Material provided: Begin

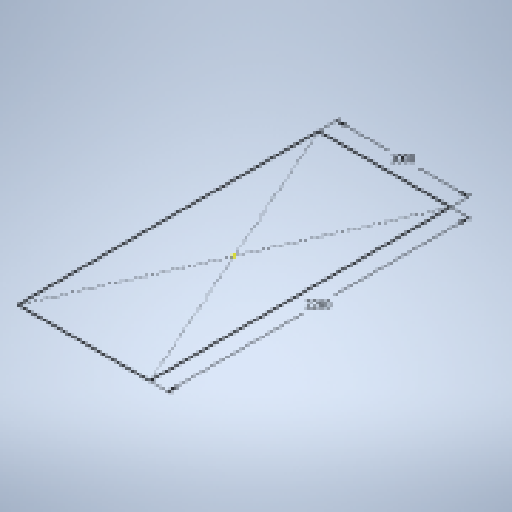
# Autodesk Inventor part: ДМФ 067 крышка
Saved by Autodesk Inventor 2025 (Build 290162010, 162A)
## iProperties
Created: 2024-06-28
Part Number: ДМФ 067 крышка
Material: Generic
Document SubType Name: Sheet Metal
Designer: admin
Density: 1 g/cm^3
Sheet Metal Rule: Default
Appearance: Default
Author: admin
Autodesk Inventor part; units mm, degrees
ref_plane "YZ Plane" through (0, 0, 0) normal (1, 0, 0) x (0, 1, 0)
ref_plane "XZ Plane" through (0, 0, 0) normal (0, 1, 0) x (-1, 0, 0)
ref_plane "XY Plane" through (0, 0, 0) normal (0, 0, 1) x (1, 0, 0)
sketch "Sketch1" plane through (0, 0, 0) normal (0, 0, 1) x (1, 0, 0)
  line L0 (-500, -1140) -> (500, -1140)
  line L1 (500, -1140) -> (500, 1140)
  line L2 (500, 1140) -> (-500, 1140)
  line L3 (-500, 1140) -> (-500, -1140)
  line L4 (-500, -1140) -> (500, 1140) construction
  line L5 (500, -1140) -> (-500, 1140) construction
  point P0 (0, 0)
  dimension "d0" = 1000
  dimension "d1" = 2280
  measures "d0" distance of L2.end L1.end
  measures "d1" distance of L1.end L0.end
extrude "Plate1" add sketch "Sketch1" along normal blind 10
sketch "Sketch2" plane through (0, 0, 10) normal (0, 0, 1) x (1, 0, 0)
  line L0 (500, -1140) -> (-500, -1140) projected
  line L1 (500, 1140) -> (500, -1140) projected
  line L2 (-500, 1140) -> (500, 1140) projected
  line L3 (-500, -1140) -> (-500, 1140) projected
  circle A0 centre (0, -989.5) radius 35
  point P0 (0, 0)
  point P1 (0, -1140)
  dimension "d3" = 70
  dimension "d4" = 150.5
  constraints: 1 centre point, 1 midpoint, 1 vertical alignment
  measures "d3" diameter of A0
  measures "d4" distance from line of L0 A0.centre
extrude "Extrusion1" cut sketch "Sketch2" against normal through all contours A0
pattern_linear "Rectangular Pattern1" count 9 spacing 250 along (0, 1, 0) of "Extrusion1"
equation "\"d2\" = Thickness"
equation "\"BendReliefDepth\" = 0.5 * Thickness"
equation "\"Thickness\" = 10"
body "Solid1"

Material provided: End

§ Task details:
Look for the line with "line L0 (500, -1140)" in the records above. Repeat it and each line after it exactly.

§ Response to the exercise:
  line L0 (500, -1140) -> (-500, -1140) projected
  line L1 (500, 1140) -> (500, -1140) projected
  line L2 (-500, 1140) -> (500, 1140) projected
  line L3 (-500, -1140) -> (-500, 1140) projected
  circle A0 centre (0, -989.5) radius 35
  point P0 (0, 0)
  point P1 (0, -1140)
  dimension "d3" = 70
  dimension "d4" = 150.5
  constraints: 1 centre point, 1 midpoint, 1 vertical alignment
  measures "d3" diameter of A0
  measures "d4" distance from line of L0 A0.centre
extrude "Extrusion1" cut sketch "Sketch2" against normal through all contours A0
pattern_linear "Rectangular Pattern1" count 9 spacing 250 along (0, 1, 0) of "Extrusion1"
equation "\"d2\" = Thickness"
equation "\"BendReliefDepth\" = 0.5 * Thickness"
equation "\"Thickness\" = 10"
body "Solid1"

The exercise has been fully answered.